For sparse retrieval, you could maintain a keyword index or use another store instance with lexical scoring.

4. Using Mem0Store for Conversational Memory¶

When long-term personalization or session continuity is needed, integrate Mem0Store:

from pyagenity.store import create_mem0_store

mem_store = create_mem0_store(user_id="user-1")

async def memory_retriever(state: AgentState) -> AgentState:
    query = last_user_text(state)
    memories = await mem_store.asearch({"user_id": "user-1"}, query=query, limit=3)
    enriched = "\n".join(f"- {m.content}" for m in memories) or "No prior memories."
    state.context.append(Message.text_message(f"[memory]\n{enriched}", role="assistant"))
    return state

Combine memory-based recall with knowledge-base retrieval before synthesis.

5. Follow-up Loops¶

By default both examples terminate after synthesis.
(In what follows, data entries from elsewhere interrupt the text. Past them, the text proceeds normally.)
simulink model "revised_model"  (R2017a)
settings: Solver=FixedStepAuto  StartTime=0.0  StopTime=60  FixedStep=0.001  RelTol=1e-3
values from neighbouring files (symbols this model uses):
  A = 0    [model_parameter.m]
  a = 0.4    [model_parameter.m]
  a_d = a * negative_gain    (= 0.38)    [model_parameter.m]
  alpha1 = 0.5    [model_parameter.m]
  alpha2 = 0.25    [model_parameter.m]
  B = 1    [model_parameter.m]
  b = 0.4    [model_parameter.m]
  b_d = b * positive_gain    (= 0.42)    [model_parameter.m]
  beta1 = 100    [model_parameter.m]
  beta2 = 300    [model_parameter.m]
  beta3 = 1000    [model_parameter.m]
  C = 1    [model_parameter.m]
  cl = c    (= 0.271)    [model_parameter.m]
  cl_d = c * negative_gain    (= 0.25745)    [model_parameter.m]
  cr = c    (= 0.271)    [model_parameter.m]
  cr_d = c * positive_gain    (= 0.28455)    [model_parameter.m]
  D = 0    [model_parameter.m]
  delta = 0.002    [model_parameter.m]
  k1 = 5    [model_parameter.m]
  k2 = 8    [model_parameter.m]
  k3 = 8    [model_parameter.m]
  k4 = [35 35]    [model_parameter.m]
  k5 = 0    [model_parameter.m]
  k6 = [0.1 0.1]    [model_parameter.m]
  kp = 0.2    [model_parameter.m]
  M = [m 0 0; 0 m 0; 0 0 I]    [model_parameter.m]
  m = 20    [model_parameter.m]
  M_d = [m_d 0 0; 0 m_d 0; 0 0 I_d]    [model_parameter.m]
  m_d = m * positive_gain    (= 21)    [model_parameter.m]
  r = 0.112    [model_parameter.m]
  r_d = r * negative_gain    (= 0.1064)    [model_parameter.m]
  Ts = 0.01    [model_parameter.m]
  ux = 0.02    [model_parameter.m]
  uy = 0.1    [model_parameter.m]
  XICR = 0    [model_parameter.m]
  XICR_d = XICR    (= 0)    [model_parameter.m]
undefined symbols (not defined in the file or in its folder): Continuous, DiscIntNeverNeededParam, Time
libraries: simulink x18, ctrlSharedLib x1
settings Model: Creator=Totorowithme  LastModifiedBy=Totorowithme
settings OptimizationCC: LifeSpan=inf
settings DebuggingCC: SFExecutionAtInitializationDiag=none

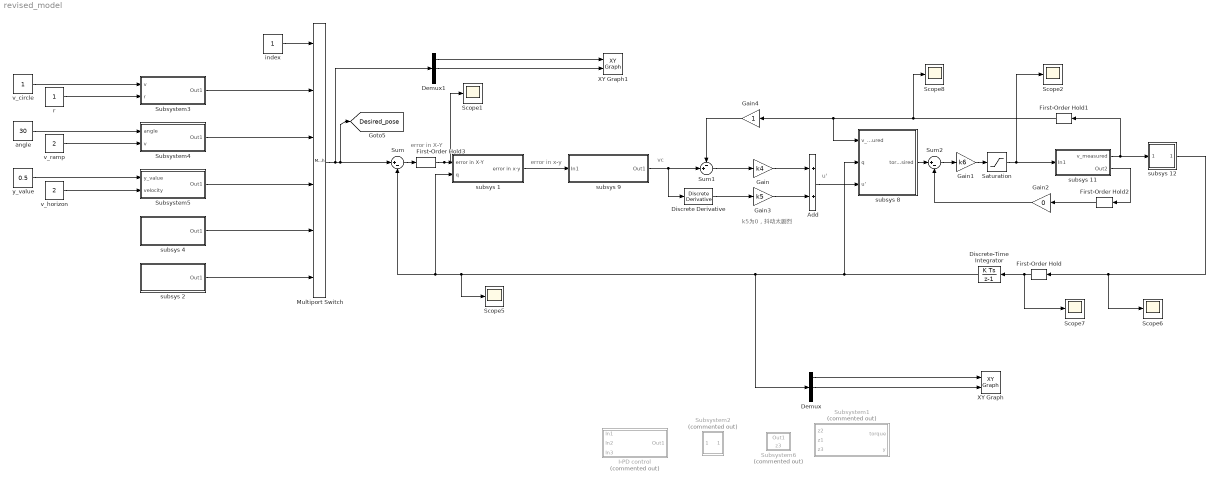
== system revised_model ==
  note: k5为0，抖动太剧烈
  note: u'
  note: vc
  note: error in x-y
  note: error in X-Y
  Add : Sum
  Demux : Demux  Outputs=3
  Demux1 : Demux  Outputs=3
  Discrete Derivative : simulink/Discrete/Discrete Derivative  gainval=1.0  ICPrevScaledInput=0.0  OutMin=[]  OutMax=[]  OutDataType=fixdt(1, 16)  OutScaling=2^-10  DoSatur=off
  Discrete-Time Integrator : DiscreteIntegrator  InitialConditionSetting=State (most efficient)  SampleTime=0.01  ICPrevOutput=DiscIntNeverNeededParam  ICPrevScaledInput=DiscIntNeverNeededParam
  First-Order Hold{,1..3} (4 alike) : simulink/Discrete/First-Order Hold  DisableCoverage=on  Ts=0.01
      settings: SourceProductName=Simulink  SourceProductBaseCode=SL
  Gain : Gain  Gain=k4
  Gain1 : Gain  Gain=k6
  Gain2 : Gain  Gain=0
  Gain3 : Gain  Gain=k5
  Gain4 : Gain
  I-PD control : Subsystem  Commented=on
  Multiport Switch : MultiPortSwitch  Inputs=5
  Saturation : Saturate  UpperLimit=3  LowerLimit=-3
  Scope{1..2,5..8} (6 alike) : Scope
  Subsystem1 : Subsystem  Commented=on
      mask Display: disp('Extended state observer','texmode','on')
  Subsystem2 : Subsystem  Commented=on
      mask Display: disp('inv(S)', 'texmode', 'on')
  Subsystem3 : Subsystem
      mask Display: disp('circle','texmode','on')
  Subsystem4 : Subsystem
      mask Display: disp('ramp','texmode','on')
  Subsystem5 : Subsystem
      mask Display: disp('horizontal line','texmode','on')
  Subsystem6 : Subsystem  Commented=on
      mask Display: disp('inv(H)', 'texmode', 'on')
  Sum : Sum  Inputs=|+-
  Sum1 : Sum  Inputs=-+|
  Sum2 : Sum  Inputs=|+-
  XY Graph : simulink/Sinks/XY Graph  xmin=-12  xmax=12  ymin=-12  ymax=12  st=-1
  XY Graph1 : simulink/Sinks/XY Graph  xmin=-12  xmax=12  ymin=-12  ymax=12  st=-1
  angle : Constant  Value=30
  index : Constant
  r : Constant
  subsys 1 : Subsystem
      mask Display: disp('Transfer from X-Y to x-y','texmode','on')
  subsys 11 : Subsystem
      mask Display: disp('Dynamic function','texmode','on')
  subsys 12 : Subsystem
      mask Display: disp('S(q)','texmode','on')
  subsys 2 : Subsystem
      mask Display: disp('Desired pose','texmode','on')
  subsys 4 : Subsystem
      mask Display: disp('Desired pose','texmode','on')
  subsys 8 : Subsystem
      mask Display: disp('Torque control','texmode','on')
  subsys 9 : Subsystem
      mask Display: disp('Auxiliary velocity control','texmode','on')
  v_circle : Constant
  v_horizon : Constant  Value=2
  v_ramp : Constant  Value=2
  y_value : Constant  Value=0.5
  tag scope: Desired_pose=global
  wires:
  v_circle/1 -> Subsystem3/1(v)
  Subsystem3/1(Out1) -> Multiport Switch/2
  subsys 2/1(Out1) -> Multiport Switch/6
  Subsystem5/1(Out1) -> Multiport Switch/4
  Subsystem4/1(Out1) -> Multiport Switch/3
  r/1 -> Subsystem3/2(r)
  angle/1 -> Subsystem4/1(angle)
  index/1 -> Multiport Switch/1
  v_ramp/1 -> Subsystem4/2(v)
  v_horizon/1 -> Subsystem5/2(velocity)
  subsys 4/1(Out1) -> Multiport Switch/5
  y_value/1 -> Subsystem5/1(y_value)
  Sum/1 -> First-Order Hold3/1
  subsys 1/1(error in x-y) -> subsys 9/1(In1)
  subsys 9/1(Out1) -> Sum1/2, Discrete Derivative/1
  Sum1/1 -> Gain/1
  subsys 12/1(Out1) -> Scope6/1, First-Order Hold/1
  Discrete-Time Integrator/1 -> subsys 8/2(q), Demux/1, Scope5/1, subsys 1/2(q), Sum/2
  Demux/1 -> XY Graph/1
  Demux/2 -> XY Graph/2
  Add/1 -> subsys 8/3(u')
  subsys 11/2(Out2) -> First-Order Hold2/1
  subsys 8/1(torque_desired) -> Sum2/1
  Sum2/1 -> Gain1/1
  Gain1/1 -> Saturation/1
  Discrete Derivative/1 -> Gain3/1
  Gain3/1 -> Add/2
  First-Order Hold/1 -> Discrete-Time Integrator/1, Scope7/1
  First-Order Hold3/1 -> Scope1/1, subsys 1/1(error in X-Y)
  subsys 11/1(v_measured) -> subsys 12/1(In1), First-Order Hold1/1
  Gain4/1 -> Sum1/1
  First-Order Hold2/1 -> Gain2/1
  Gain2/1 -> Sum2/2
  Saturation/1 -> subsys 11/1(In1), Scope2/1
  First-Order Hold1/1 -> Gain4/1, subsys 8/1(v_measured), Scope8/1
  Gain/1 -> Add/1
  Demux1/2 -> XY Graph1/2
  Demux1/1 -> XY Graph1/1
  Multiport Switch/1 -> Sum/1, [Desired_pose], Demux1/1

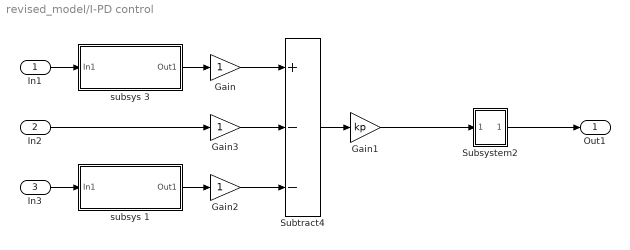
== system revised_model/I-PD control ==
  In1 : Inport
  In2 : Inport  Port=2
  In3 : Inport  Port=3
  Gain : Gain
  Gain1 : Gain  Gain=kp
  Gain2 : Gain
  Gain3 : Gain
  Subsystem2 : Subsystem
      mask Display: disp('inv(S)', 'texmode', 'on')
  Subtract4 : Sum  Inputs=+--
  subsys 1 : Subsystem
      mask Display: disp('transfer2','texmode','on')
  subsys 3 : Subsystem
      mask Display: disp('transfer1','texmode','on')
  Out1 : Outport
  wires:
  In1/1 -> subsys 3/1(In1)
  In3/1 -> subsys 1/1(In1)
  In2/1 -> Gain3/1
  subsys 1/1(Out1) -> Gain2/1
  Subtract4/1 -> Gain1/1
  Gain1/1 -> Subsystem2/1(dq)
  Subsystem2/1(Out1) -> Out1/1
  subsys 3/1(Out1) -> Gain/1
  Gain/1 -> Subtract4/1
  Gain2/1 -> Subtract4/3
  Gain3/1 -> Subtract4/2

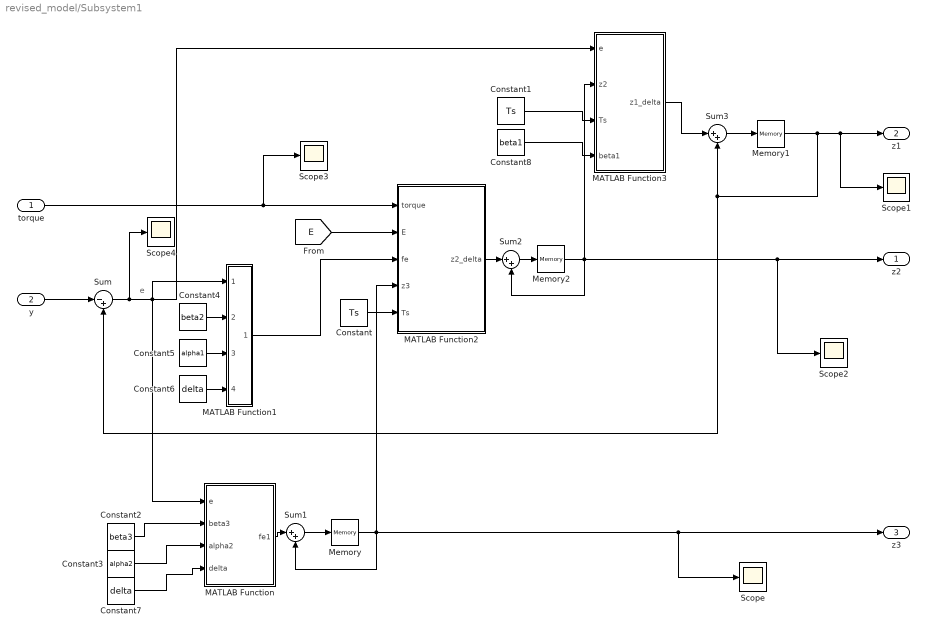
== system revised_model/Subsystem1 ==
  note: e
  torque : Inport
  y : Inport  Port=2
  Constant : Constant  Value=Ts
  Constant1 : Constant  Value=Ts
  Constant2 : Constant  Value=beta3
  Constant3 : Constant  Value=alpha2
  Constant4 : Constant  Value=beta2
  Constant5 : Constant  Value=alpha1
  Constant6 : Constant  Value=delta
  Constant7 : Constant  Value=delta
  Constant8 : Constant  Value=beta1
  MATLAB Function : MATLAB Function  TreatAsAtomicUnit=on
  MATLAB Function1 : MATLAB Function  TreatAsAtomicUnit=on
  MATLAB Function2 : MATLAB Function  TreatAsAtomicUnit=on
  MATLAB Function3 : MATLAB Function  TreatAsAtomicUnit=on
  Memory : Memory  X0=[0 0 0]
  Memory1 : Memory  X0=[0 0 0]
  Memory2 : Memory  X0=[0 0 0]
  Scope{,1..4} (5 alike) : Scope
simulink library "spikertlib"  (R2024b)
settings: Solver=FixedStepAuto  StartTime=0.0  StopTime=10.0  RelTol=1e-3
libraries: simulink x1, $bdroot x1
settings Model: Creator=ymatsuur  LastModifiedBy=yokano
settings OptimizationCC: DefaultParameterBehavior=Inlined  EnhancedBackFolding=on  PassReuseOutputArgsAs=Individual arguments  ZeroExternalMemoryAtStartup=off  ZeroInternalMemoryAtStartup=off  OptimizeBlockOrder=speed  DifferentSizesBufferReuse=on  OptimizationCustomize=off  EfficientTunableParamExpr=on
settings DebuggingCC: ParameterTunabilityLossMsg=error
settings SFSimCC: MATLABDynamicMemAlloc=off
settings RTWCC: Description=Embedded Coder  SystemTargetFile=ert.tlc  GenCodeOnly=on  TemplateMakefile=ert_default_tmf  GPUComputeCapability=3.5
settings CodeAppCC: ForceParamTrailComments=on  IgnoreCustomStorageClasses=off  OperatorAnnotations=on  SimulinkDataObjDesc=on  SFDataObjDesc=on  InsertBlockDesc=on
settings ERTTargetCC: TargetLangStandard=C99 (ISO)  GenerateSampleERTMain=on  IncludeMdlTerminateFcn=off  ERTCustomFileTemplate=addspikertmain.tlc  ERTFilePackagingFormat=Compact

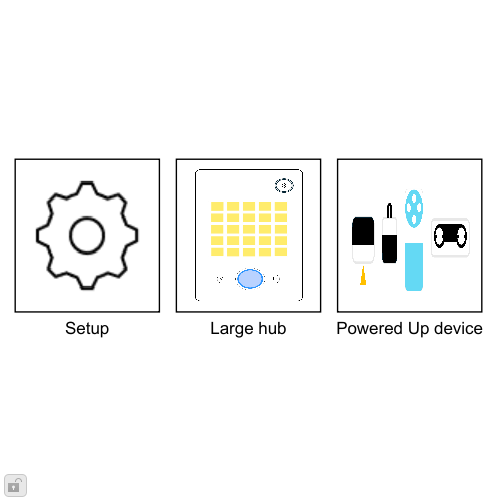
[thumbnail: Simulink's stored preview of the top-level diagram]
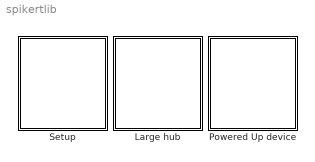
== system spikertlib ==
  Large hub : Subsystem
      mask Display: image('sphub.png'); % 変更するには、ツールストリップの [イメージの編集] を使用してください。
  Powered Up device : Subsystem
      mask Display: image('sppup.png'); % 変更するには、ツールストリップの [イメージの編集] を使用してください。
  Setup : Subsystem
      mask Display: image('spmodelsetup.png');

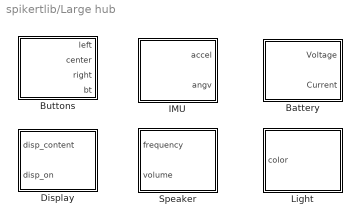
== system spikertlib/Large hub ==
  Battery : Subsystem  mask(Battery){}
      mask help: Retrieve the battery voltage [mV] and the battery current[mA].
      mask Display: image('spbattery.png');
  Buttons : Subsystem  mask(Buttons){}
      mask help: Checks which buttons (left, center, right, bluetooth) are currently pressed. (0=Not pressed, 1=Pressed)
      mask Display: image('spbutton.png');
  Display : Subsystem  mask(Pup device){Mode=Numeric, UpOrientation=RIGHT}
      mask prompts: UpOrientation "Upside orientation"
      mask help:
      | [Numeric]
      | Displays a number in the range -99 to 99. A minus sign (-) is shown as a faint dot in the center of the display. Upside orientation is set to TOP, LEFT, RIGHT, BOTTOM.
      |
      | [Character]
      | Display one character at a time if dispOn is greater than 0. Character input must be string type. Upside orientation is set to TOP, LEFT, RIGHT, BOTTOM.
      |
      | [Matrix]
      | Displays brightness matrix of Mux array in the range of 0-100. Upside orientation is set to TOP, LEFT, RIGHT, BOTTOM.
      mask TypeOptions Mode: Numeric | Character | Matrix
      mask TypeOptions UpOrientation: TOP | LEFT | RIGHT | BOTTOM
      mask DialogControl ParameterGroupVar Prompt: パラメーター
      mask Display: image('spdisplay.png');
  IMU : Subsystem  mask(Imu){}
      mask help:
      | Get the acceleration and angular velocity by the IMU.
      | accel: The vector signal which contains x, y, z axes of the acceleration [mm/s^2].
      | angv: The vector signal which contains x, y, z axes of the angular velocity [deg/sec].
      mask Display: image('spimu.png');
  Light : Subsystem  mask(Light){}
      mask help: Turn the light on with specified color (0=White, 1=Red, 2=Orange, 3=Yellow, 4=Green, 5=Blue, 6=Indigo, 7=Purple, Others=Off).
      mask Display: image('splight.png');
  Speaker : Subsystem  mask(Speaker){}
      mask help:
      | Set the volume level of the speaker and play a tone.
      | volume range 0-100[%], and frequency range 0-24000[Hz].
      mask Display: image('spspeaker.png');

== system spikertlib/Powered Up device ==
  PortA In : Subsystem  mask(Pup device){PortID=A, SensorType=Force, SensorMode=Reflection, LightOn=on}
      mask prompts: PortID "Port"; SensorType "Sensor type"; SensorMode "Sensor mode"; LightOn "Light on"
      mask help:
      | [Force sensor]
      | Force sensor detects the force [N] (range: about 0-10).
      |
      | [Color sensor]
      | Color sensor detect the reflection, ambient light, or color (HSV).
      | Reflection: Get the percentage of how much a surface reflects the light emitted by the sensor. [%] (100= white, 50= gray, 01=black, 00=No surface in front of the sensor.)
      | Ambient: Get the ambient light intensity (range: 0=dark, 100=bright)
      | Color: Get the color of surface. (0=Others, 1=Red, 2=Orange, 3=Yellow, 4=Green, 5=Blue, 6=Indigo, 7=Violet)
      |
      | [Ultrasonic sensor]
      | Get the distance [mm] in front of the ultrasonic sensor. (range: 0-2000, 2000 if no obstacles in front of the sensor.)
      |
      | [Motor]
      | Get the angle[deg] angle velocity [deg/s] of the motor.
      | !! Need Motor block in the same model for initialization. !!
      |
      | [None]
      | No sensor exsists.
      mask TypeOptions PortID: A | B | C | D | E | F
      mask Callback PortID:
      | outportHandle = get_param([gcb, '/Out1'], 'PortHandles');
      |     lineHandle = get_param(outportHandle.Inport, 'Line');
      |     set_param(lineHandle, 'Name', get_param(gcb, 'SensorType') +"_"+ get_param(gcb, 'PortID'));
      mask TypeOptions SensorType: Force | Color | Ultrasonic | Motor | None
      mask Callback SensorType:
      | if get_param(gcb, 'SensorType') == "Force"
      |         set_param(gcb, 'MaskVisibilities', {'on', 'on', 'off', 'off'});
      |     elseif get_param(gcb, 'SensorType') == "Color"
      |         set_param(gcb, 'MaskVisibilities', {'on', 'on', 'on', 'on'});
      |     elseif get_param(gcb, 'SensorType') == "Ultrasonic"
      |         set_param(gcb, 'MaskVisibilities', {'on', 'on', 'off', 'on'});
      |     else
      |         set_param(gcb, 'MaskVisibilities', {'on', 'on', 'off', 'off'});
      |     end
      | 
      |     outportHandle = get_param([gcb, '/Out1'], 'PortHandles');
      |     lineHandle = get_param(outportHandle.Inport, 'Line');
      |     set_param(lineHandle, 'Name', get_param(gcb, 'SensorType') +"_"+ get_param(gcb, 'PortID'));
      mask TypeOptions SensorMode: Reflection | Ambient | Color
      mask DialogControl ParameterGroupVar Prompt: パラメーター
      mask Display:
      | switch get_param(gcb, 'SensorType')
      |     case "Force"
      |         image('spforcesensor.png');
      |     case "Color"
      |         image('spcolorsensor.png');
      |     case "Ultrasonic"
      |         image('spultrasonicsensor.png');
      |     case "Motor"
      |         image('spmotor.png');
      |     case 5
      |         disp("");
      | end
      | 
      | color('red');
      | switch get_param(gcb, 'PortID')
      |     case "A"
      |         text(0.7, 0.1, 'Port: A');
      |     case "B"
      |         text(0.7, 0.1, 'Port: B');
      |     case "C"
      |         text(0.7, 0.1, 'Port: C');
      |     case "D"
      |         text(0.7, 0.1, 'Port: D');
      |     case "E"
      |         text(0.7, 0.1, 'Port: E');
      |     case "F"
      |         text(0.7, 0.1, 'Port: F');
      | end
  PortA Out : Subsystem  mask(Pup device){PortID=A, Mode=Set the speed of rotation [deg/s], EncorderReset=No reset, Direction=Clockwise}
      mask prompts: PortID "Port"; Mode "Motor mode"; EncorderReset "Encorder"
      mask help:
      | [Motor mode]
      | Set the speed of rotation[deg/s]: Control the motor speed at the specified value.
      | Set the power of the motor[%]: Set the motor voltage.
      | Stop: Stop the motor. But, the encoder is active and the value can be used.
      |
      | [Encorder]
      | No reset: Initial encorder value is set to an absolute angle.
      | Reset: Initial encorder value is set to 0.
      mask TypeOptions PortID: A | B | C | D | E | F
      mask Callback PortID:
      | outportHandle = get_param([gcb, '/In1'], 'PortHandles');
      |     lineHandle = get_param(outportHandle.Outport, 'Line');
      | 
      |     if get_param(gcb, 'Mode') == "None"
      |         set_param(gcb, 'MaskVisibilities', {'on', 'on', 'off', 'off'});
      |         set_param(lineHandle, 'Name', "Motor_"+ get_param(gcb, 'PortID'));
      |     else
      |         set_param(gcb, 'MaskVisibilities', {'on', 'on', 'on', 'on'});
      |         set_param(lineHandle, 'Name', "None_"+ get_param(gcb, 'PortID'));
      |     end
      mask Callback Mode:
      | outportHandle = get_param([gcb, '/In1'], 'PortHandles');
      |     lineHandle = get_param(outportHandle.Outport, 'Line');
      | 
      |     if get_param(gcb, 'Mode') == "None"
      |         set_param(gcb, 'MaskVisibilities', {'on', 'on', 'off', 'off'});
      |         set_param(lineHandle, 'Name', "Motor_"+ get_param(gcb, 'PortID'));
      |     else
      |         set_param(gcb, 'MaskVisibilities', {'on', 'on', 'on', 'on'});
      |         set_param(lineHandle, 'Name', "None_"+ get_param(gcb, 'PortID'));
      |     end
      mask TypeOptions EncorderReset: No reset | Reset
      mask TypeOptions Direction: Clockwise | Couter-clockwise
      mask DialogControl ParameterGroupVar Prompt: パラメーター
      mask Display:
      | if get_param(gcb, 'Mode') == "None"
      | 
      | else
      |     image('spmotor.png');
      | end
      | 
      | 
      | color('red');
      | switch get_param(gcb, 'PortID')
      |     case "A"
      |         text(0.7, 0.1, 'Port: A');
      |     case "B"
      |         text(0.7, 0.1, 'Port: B');
      |     case "C"
      |         text(0.7, 0.1, 'Port: C');
      |     case "D"
      |         text(0.7, 0.1, 'Port: D');
      |     case "E"
      |         text(0.7, 0.1, 'Port: E');
      |     case "F"
      |         text(0.7, 0.1, 'Port: F');
      | end

== system spikertlib/Setup ==
  Callback Button : CustomCallbackButton  Description=Generate and build code. write executable to SPIKE  Configuration="{\"components\":[{\"name\":\"BackgroundImageComponent\",\"settings\":{\"image\":{\"size\":[0,0],\"src\":\"default\",\"srcOrientation\":\"Right\"},\"position\":[0,0,1,1]}},{\"name\":\"ButtonStateComponent\",\"settings\":{\"buttonType\":\"momentary\",\"clickFcn\":\"controlsetupspikert_callback;\\ncopyspikert(2)\\ncopyspikert(3)\",\"latched\":false,\"offValue\":null,\"onValue\":1,\"position\":[0,0,1,1],\"pressDelay\":\"500\",\"pressFcn\":\"\",\"repeatInterval\":\"0\",\"states\":[{\"horizontalAlignment\":\"center\",\"image\":{\"position\":[0,0,1,1],\"size\":[1,1],\"src\":\"default\",\"srcOrientation\":\"Right\"},\"label\":{\"color\":[1,1,1],\"icon\":{\"size\":[0,0],\"src\":\"default\",\"srcOrientation\":\"Right\"},\"iconOffset\":0,\"iconPlacement\":\"left\",\"opacity\":1,\"show\":true,\"text\":{\"content\":\"Build & Write\",\"font\":\"Helvetica\"}},\"labelOffset\":[0,0],\"verticalAlignment\":\"middle\"},{\"horizontalAlignment\":\"center\",\"image\":{\"position\":[0,0,1,1],\"size\":[1,1],\"src\":\"default\",\"srcOrientation\":\"Right\"},\"label\":{\"color\":[0.01176470588,0.01176470588,0.01176470588,1],\"icon\":{\"size\":[0,0],\"src\":\"default\",\"srcOrientation\":\"Right\"},\"iconOffset\":0,\"iconPlacement\":\"left\",\"opacity\":1,\"show\":true,\"text\":{\"content\":\"Build & Write\",\"font\":\"Helvetica\"}},\"labelOffset\":[0,0],\"verticalAlignment\":\"middle\"},{\"horizontalAlignment\":\"center\",\"image\":{\"position\":[0,0,1,1],\"size\":[1,1],\"src\":\"default\",\"srcOrientation\":\"Right\"},\"label\":{\"color\":[0.01176470588,0.01176470588,0.01176470588,1],\"icon\":{\"size\":[0,0],\"src\":\"default\",\"srcOrientation\":\"Right\"},\"iconOffset\":0,\"iconPlacement\":\"left\",\"opacity\":1,\"show\":true,\"text\":{\"content\":\"Build & Write\",\"font\":\"Helvetica\"}},\"labelOffset\":[0,0],\"verticalAlignment\":\"middle\"},{\"horizontalAlignment\":\"center\",\"image\":{\"position\":[0,0,1,1],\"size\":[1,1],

To enable iterative refinement:

def followup_condition(state: AgentState) -> str:
    if need_more_context(state):
        return "RETRIEVE_1"  # or the first retriever name
    return END

app = rag.compile(
    retriever_node=simple_retriever,
    synthesize_node=synthesize_answer,
    followup_condition=followup_condition,
)

Loop exit criteria can consider: - Confidence signals (logit bias, heuristic) - Coverage checks (missing entities) - Answer length / quality scores

6. Prompt & Context Strategy¶

Recommended prompt skeleton:

System: Role + style + answer policy
Context Section(s): Retrieved passages / Memory summaries
User Question: Original or reformulated
Instructions: Cite sources, abstain if uncertain, etc.

Keep retrieval markers ([dense], [sparse], [merge], [memory]) to enable deterministic parsing or dynamic prompt shaping.

7. Quality Techniques¶

Technique	Benefit
Weighted Fusion	Balances heterogeneous retrievers
Cross-Encoder Reranking	Precision top-K selection
Adaptive Query Reformulation	Reduces drift / broadens coverage
Multi-step Compression	Fit more evidence in constrained models
Memory Filtering / Aging	Prevents prompt bloat
Citation Emission	Transparency & auditable responses

8. Error Handling & Robustness¶

Wrap model calls; provide fallback text if API fails
Timebox retrievers; degrade gracefully (skip stage if timeout)
Validate that each stage appended something; log empties for monitoring
Include tracing via CallbackManager if deeper observability is required

9. Benchmarking¶

Track these metrics: - Retrieval Recall@K - Post-rerank MRR / nDCG - Token footprint (pre/post compression) - Latency breakdown per stage - Final answer groundedness (manual or LLM judge)

10. Troubleshooting¶

Symptom	Cause	Fix
Empty retrieval context	Query mismatch / no overlap	Add embedding retrieval / query expansion
Hallucinated answer	Missing context injection	Ensure retrieval messages are in final prompt
High latency	Sequential retrievers	Parallelize independent retrievers, cache embeddings
Truncated citation context	No compression strategy	Add summarization or selective sentence extraction

11. Extending Further¶

Add Guard Rails before synthesis (policy check)
Emit Structured JSON with answer + sources
Integrate Feedback Loop (judge node evaluating answer adequacy)
Build Multi-Hop retrieval by chaining follow-up loops

12. Next Steps¶

Explore: - qdrant_store.md for production vector search - long_term_memory.md for Mem0-based persistence - Advanced orchestration patterns in misc/advanced_patterns.md

RAG scalability depends on disciplined stage isolation—PyAgenity’s node + conditional edge model keeps each concern explicit and testable.

Efficient, composable, and production-oriented—adapt these patterns to your domain data and governance requirements.